_Task to complete:_
Repeat exactly, and only, the lines below starting at the line that contains "573-A15: CN2.b19 (A15), CN3.b19 (A15)" and ending at the line that contains "573-D14: CN2.a25 (D14), CN3.a25 (D14)", inclusive of both.

- - - - -

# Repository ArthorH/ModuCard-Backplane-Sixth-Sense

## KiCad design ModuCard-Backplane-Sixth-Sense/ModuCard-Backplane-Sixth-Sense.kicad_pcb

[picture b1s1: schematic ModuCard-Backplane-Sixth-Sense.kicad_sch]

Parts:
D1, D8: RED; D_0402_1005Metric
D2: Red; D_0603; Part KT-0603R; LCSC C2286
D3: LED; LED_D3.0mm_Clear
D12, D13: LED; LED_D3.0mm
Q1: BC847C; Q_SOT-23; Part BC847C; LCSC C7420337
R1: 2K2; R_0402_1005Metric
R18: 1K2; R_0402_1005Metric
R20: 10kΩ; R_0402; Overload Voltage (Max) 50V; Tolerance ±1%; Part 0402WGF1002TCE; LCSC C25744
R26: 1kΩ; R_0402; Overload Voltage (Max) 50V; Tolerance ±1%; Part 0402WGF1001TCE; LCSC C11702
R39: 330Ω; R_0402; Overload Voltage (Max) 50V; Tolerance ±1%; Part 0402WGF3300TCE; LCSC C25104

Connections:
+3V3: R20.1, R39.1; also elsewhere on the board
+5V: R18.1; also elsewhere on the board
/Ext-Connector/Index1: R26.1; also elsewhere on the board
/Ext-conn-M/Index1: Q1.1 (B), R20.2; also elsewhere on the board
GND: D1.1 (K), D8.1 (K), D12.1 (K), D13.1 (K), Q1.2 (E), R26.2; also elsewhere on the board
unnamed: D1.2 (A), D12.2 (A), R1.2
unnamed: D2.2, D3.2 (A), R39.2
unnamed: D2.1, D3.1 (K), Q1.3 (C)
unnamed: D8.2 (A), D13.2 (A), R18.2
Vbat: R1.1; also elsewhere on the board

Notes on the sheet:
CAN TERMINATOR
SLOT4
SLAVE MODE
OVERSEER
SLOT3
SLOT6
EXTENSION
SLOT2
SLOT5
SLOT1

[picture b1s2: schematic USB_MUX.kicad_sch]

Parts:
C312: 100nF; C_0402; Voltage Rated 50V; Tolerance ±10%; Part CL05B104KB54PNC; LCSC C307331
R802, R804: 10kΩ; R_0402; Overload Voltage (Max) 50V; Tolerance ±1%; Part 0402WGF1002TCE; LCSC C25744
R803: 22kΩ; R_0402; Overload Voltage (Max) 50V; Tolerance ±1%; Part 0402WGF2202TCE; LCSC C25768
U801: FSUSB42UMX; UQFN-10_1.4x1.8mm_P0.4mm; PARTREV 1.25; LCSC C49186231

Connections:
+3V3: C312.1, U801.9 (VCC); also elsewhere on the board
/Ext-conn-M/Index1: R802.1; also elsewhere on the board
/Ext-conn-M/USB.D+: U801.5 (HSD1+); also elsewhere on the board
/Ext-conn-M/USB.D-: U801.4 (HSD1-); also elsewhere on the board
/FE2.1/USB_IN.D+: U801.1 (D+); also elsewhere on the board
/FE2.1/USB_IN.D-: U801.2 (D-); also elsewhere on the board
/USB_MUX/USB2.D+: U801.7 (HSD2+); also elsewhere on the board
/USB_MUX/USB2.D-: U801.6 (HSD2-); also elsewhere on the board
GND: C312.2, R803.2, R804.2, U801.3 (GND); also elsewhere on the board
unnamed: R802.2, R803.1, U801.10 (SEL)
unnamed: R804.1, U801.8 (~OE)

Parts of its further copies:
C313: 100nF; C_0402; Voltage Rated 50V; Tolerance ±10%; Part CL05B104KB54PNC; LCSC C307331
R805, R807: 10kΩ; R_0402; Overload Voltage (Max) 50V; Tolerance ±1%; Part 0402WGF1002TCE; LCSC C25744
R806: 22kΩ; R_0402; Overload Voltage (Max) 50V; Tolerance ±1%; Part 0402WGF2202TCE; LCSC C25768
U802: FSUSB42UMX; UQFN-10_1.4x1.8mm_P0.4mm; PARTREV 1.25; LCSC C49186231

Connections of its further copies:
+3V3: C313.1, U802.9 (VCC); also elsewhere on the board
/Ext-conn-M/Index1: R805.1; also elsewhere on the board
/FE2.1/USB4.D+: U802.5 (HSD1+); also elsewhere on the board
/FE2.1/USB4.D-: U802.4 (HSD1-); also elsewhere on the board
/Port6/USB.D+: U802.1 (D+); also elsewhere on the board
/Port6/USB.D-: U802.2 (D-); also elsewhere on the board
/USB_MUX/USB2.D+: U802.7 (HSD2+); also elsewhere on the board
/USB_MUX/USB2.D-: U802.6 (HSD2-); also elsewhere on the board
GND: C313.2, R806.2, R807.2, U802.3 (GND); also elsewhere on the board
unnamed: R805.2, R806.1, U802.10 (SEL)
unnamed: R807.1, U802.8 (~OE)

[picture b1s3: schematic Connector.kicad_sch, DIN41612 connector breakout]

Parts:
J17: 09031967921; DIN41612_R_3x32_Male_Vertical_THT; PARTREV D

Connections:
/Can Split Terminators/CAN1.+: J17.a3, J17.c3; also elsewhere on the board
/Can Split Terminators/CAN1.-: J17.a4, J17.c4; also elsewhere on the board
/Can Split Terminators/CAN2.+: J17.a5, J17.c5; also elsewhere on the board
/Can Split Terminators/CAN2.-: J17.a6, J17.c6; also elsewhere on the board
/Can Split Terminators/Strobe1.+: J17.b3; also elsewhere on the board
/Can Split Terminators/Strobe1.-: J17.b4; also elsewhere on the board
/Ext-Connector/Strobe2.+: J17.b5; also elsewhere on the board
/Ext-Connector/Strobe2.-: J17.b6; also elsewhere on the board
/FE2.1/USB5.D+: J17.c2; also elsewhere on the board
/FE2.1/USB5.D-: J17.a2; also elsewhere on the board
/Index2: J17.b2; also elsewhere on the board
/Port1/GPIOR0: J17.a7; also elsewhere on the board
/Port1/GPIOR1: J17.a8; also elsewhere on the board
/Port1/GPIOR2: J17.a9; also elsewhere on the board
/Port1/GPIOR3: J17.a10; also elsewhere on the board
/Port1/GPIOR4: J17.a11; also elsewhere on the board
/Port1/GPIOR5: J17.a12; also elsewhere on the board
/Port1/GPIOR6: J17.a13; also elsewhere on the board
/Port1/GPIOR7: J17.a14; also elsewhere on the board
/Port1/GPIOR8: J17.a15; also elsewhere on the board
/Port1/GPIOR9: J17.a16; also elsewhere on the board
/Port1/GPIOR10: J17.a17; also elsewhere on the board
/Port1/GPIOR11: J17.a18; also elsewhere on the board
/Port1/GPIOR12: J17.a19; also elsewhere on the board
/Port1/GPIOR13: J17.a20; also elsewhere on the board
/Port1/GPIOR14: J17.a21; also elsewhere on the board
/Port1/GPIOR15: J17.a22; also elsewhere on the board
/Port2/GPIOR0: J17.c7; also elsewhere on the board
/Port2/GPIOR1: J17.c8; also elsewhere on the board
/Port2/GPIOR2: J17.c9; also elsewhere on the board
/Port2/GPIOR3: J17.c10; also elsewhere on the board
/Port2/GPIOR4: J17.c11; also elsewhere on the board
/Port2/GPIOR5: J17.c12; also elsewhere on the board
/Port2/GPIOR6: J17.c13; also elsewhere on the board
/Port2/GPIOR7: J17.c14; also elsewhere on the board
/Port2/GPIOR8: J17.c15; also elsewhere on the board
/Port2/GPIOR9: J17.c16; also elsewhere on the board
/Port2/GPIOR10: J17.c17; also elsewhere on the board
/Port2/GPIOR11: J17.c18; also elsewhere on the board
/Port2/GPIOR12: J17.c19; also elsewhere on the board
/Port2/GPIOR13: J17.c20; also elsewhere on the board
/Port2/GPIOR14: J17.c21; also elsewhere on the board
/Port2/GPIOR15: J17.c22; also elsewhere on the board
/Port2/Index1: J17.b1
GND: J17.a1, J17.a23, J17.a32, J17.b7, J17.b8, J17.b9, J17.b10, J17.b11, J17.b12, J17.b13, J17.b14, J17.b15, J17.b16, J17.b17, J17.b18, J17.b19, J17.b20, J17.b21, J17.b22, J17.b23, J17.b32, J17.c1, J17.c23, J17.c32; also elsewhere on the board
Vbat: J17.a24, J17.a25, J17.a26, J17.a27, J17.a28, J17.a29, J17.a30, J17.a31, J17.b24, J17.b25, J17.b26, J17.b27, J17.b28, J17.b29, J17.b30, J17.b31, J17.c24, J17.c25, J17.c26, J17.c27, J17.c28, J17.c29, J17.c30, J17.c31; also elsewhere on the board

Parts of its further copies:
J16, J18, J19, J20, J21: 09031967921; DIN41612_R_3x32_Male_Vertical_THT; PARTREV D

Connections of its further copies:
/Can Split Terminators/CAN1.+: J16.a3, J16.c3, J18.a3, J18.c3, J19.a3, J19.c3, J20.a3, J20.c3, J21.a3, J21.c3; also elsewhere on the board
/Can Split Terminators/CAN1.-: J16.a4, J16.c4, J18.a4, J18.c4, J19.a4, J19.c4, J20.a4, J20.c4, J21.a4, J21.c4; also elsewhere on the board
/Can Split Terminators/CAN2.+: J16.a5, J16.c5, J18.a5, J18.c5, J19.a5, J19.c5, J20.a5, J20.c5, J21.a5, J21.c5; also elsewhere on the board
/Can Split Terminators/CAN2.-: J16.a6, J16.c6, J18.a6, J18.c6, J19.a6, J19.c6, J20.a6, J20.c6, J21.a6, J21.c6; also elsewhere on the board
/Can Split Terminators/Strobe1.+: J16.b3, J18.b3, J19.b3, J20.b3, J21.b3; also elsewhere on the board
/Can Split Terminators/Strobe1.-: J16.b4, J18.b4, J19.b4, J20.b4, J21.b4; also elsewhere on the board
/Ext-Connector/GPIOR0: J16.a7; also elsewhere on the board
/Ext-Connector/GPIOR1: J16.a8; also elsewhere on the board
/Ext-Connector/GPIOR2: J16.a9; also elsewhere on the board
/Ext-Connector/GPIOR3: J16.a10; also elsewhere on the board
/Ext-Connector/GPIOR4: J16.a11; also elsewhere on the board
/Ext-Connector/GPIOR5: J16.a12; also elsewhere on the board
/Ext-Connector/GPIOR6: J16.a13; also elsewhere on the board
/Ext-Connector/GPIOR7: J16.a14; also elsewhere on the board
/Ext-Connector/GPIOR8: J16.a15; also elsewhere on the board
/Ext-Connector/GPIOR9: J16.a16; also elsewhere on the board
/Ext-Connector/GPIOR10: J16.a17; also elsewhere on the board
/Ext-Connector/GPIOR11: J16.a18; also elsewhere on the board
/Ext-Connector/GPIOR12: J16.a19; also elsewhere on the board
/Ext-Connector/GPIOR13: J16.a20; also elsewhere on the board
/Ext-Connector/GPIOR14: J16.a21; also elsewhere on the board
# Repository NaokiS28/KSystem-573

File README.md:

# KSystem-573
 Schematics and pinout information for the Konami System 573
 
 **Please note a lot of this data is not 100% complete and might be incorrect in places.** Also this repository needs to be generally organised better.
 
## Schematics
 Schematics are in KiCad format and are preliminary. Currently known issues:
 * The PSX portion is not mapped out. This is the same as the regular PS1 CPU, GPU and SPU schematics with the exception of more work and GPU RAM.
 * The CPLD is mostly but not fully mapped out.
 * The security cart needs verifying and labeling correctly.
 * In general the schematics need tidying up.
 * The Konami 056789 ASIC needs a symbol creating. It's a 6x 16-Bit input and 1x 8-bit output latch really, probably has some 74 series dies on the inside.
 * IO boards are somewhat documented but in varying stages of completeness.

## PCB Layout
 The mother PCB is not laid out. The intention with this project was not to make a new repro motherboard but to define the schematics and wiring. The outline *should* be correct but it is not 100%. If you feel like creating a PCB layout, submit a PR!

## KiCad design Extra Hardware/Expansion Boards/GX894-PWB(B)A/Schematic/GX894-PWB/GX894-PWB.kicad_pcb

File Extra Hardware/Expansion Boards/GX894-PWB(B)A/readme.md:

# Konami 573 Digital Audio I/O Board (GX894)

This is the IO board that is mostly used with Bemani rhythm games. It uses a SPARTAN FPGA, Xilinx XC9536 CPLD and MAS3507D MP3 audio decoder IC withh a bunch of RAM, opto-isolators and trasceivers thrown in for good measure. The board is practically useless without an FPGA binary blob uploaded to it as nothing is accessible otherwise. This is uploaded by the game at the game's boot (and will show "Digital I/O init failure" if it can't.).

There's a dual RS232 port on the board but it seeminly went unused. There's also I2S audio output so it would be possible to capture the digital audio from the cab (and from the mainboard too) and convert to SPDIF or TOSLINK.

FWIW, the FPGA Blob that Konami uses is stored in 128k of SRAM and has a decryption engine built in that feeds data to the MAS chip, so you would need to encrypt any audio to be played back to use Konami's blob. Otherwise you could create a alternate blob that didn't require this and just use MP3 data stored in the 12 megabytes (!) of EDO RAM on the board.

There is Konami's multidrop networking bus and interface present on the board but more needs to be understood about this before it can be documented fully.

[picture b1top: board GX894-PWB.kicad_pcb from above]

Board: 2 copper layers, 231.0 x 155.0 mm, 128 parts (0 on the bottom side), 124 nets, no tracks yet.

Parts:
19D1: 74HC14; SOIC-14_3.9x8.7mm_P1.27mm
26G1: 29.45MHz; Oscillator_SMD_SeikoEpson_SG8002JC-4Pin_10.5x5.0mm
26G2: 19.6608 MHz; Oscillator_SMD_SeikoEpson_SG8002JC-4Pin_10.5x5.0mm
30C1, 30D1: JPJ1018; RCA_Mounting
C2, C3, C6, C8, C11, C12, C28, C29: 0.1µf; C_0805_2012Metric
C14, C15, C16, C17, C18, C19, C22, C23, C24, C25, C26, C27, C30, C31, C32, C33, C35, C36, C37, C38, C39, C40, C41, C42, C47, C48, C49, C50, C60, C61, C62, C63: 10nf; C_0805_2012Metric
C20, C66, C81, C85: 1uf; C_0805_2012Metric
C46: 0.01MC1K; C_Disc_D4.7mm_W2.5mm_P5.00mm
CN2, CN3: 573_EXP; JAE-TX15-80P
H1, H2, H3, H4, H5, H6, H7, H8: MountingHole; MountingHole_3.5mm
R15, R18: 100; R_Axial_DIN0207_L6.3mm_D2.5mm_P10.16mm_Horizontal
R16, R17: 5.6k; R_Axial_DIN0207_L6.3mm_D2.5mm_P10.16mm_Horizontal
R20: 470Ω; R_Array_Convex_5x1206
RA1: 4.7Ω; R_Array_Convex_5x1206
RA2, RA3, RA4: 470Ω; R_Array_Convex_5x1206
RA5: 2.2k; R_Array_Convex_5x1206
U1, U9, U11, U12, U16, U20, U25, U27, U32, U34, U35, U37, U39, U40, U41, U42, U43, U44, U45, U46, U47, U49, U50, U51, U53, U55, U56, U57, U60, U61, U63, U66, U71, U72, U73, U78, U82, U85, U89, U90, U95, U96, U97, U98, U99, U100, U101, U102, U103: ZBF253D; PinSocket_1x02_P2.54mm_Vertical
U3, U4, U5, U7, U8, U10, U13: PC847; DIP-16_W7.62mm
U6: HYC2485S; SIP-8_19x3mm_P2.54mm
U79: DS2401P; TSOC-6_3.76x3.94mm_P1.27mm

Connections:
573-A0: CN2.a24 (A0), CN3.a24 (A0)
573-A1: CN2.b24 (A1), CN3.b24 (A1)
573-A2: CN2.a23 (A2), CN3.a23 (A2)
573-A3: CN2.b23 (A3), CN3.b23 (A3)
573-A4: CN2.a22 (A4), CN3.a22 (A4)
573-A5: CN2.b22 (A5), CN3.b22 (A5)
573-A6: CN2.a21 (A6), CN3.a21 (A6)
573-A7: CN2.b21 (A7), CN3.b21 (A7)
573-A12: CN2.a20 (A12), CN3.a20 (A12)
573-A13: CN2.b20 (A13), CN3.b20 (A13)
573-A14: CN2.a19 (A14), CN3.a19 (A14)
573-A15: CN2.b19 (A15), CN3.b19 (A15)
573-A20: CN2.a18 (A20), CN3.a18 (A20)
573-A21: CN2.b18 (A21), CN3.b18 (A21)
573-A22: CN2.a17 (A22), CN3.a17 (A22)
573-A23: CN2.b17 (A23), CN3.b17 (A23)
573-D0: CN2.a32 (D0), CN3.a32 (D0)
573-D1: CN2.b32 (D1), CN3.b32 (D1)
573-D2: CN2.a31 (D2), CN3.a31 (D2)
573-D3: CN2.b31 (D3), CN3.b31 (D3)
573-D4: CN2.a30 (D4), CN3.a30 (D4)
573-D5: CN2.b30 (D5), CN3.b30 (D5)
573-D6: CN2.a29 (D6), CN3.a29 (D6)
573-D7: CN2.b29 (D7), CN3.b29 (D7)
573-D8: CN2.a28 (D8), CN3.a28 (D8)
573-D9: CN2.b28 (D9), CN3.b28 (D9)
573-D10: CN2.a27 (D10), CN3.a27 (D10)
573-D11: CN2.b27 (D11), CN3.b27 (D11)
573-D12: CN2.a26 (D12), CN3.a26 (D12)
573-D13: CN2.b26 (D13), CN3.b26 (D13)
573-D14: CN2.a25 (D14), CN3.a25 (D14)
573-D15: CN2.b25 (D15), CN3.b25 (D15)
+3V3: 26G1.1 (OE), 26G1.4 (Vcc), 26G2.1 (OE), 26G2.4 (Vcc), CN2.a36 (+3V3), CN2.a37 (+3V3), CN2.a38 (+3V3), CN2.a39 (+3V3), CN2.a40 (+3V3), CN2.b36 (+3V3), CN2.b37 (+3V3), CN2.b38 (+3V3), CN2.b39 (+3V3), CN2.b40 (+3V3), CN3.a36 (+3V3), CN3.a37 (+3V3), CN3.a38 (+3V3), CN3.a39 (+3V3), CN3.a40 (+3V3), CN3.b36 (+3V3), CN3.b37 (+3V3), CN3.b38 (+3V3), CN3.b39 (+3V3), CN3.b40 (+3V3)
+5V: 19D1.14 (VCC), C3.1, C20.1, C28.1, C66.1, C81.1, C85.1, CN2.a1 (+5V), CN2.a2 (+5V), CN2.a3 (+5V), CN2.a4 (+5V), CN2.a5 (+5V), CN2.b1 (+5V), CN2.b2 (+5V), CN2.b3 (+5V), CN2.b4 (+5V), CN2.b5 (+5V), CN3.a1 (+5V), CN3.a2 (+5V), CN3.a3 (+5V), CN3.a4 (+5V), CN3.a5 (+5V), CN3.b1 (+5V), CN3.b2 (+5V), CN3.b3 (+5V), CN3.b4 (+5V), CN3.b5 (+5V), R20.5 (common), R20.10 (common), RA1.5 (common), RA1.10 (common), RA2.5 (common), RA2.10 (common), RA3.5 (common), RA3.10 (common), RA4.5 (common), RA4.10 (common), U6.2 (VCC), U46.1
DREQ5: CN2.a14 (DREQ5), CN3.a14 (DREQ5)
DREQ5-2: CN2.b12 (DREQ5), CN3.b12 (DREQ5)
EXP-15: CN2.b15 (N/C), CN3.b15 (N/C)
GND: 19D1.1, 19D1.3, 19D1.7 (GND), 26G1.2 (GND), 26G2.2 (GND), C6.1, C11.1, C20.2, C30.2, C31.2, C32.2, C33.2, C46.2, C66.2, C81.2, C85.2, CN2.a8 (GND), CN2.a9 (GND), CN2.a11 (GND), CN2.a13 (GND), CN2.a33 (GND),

- - - - -

_Task answer:_
573-A15: CN2.b19 (A15), CN3.b19 (A15)
573-A20: CN2.a18 (A20), CN3.a18 (A20)
573-A21: CN2.b18 (A21), CN3.b18 (A21)
573-A22: CN2.a17 (A22), CN3.a17 (A22)
573-A23: CN2.b17 (A23), CN3.b17 (A23)
573-D0: CN2.a32 (D0), CN3.a32 (D0)
573-D1: CN2.b32 (D1), CN3.b32 (D1)
573-D2: CN2.a31 (D2), CN3.a31 (D2)
573-D3: CN2.b31 (D3), CN3.b31 (D3)
573-D4: CN2.a30 (D4), CN3.a30 (D4)
573-D5: CN2.b30 (D5), CN3.b30 (D5)
573-D6: CN2.a29 (D6), CN3.a29 (D6)
573-D7: CN2.b29 (D7), CN3.b29 (D7)
573-D8: CN2.a28 (D8), CN3.a28 (D8)
573-D9: CN2.b28 (D9), CN3.b28 (D9)
573-D10: CN2.a27 (D10), CN3.a27 (D10)
573-D11: CN2.b27 (D11), CN3.b27 (D11)
573-D12: CN2.a26 (D12), CN3.a26 (D12)
573-D13: CN2.b26 (D13), CN3.b26 (D13)
573-D14: CN2.a25 (D14), CN3.a25 (D14)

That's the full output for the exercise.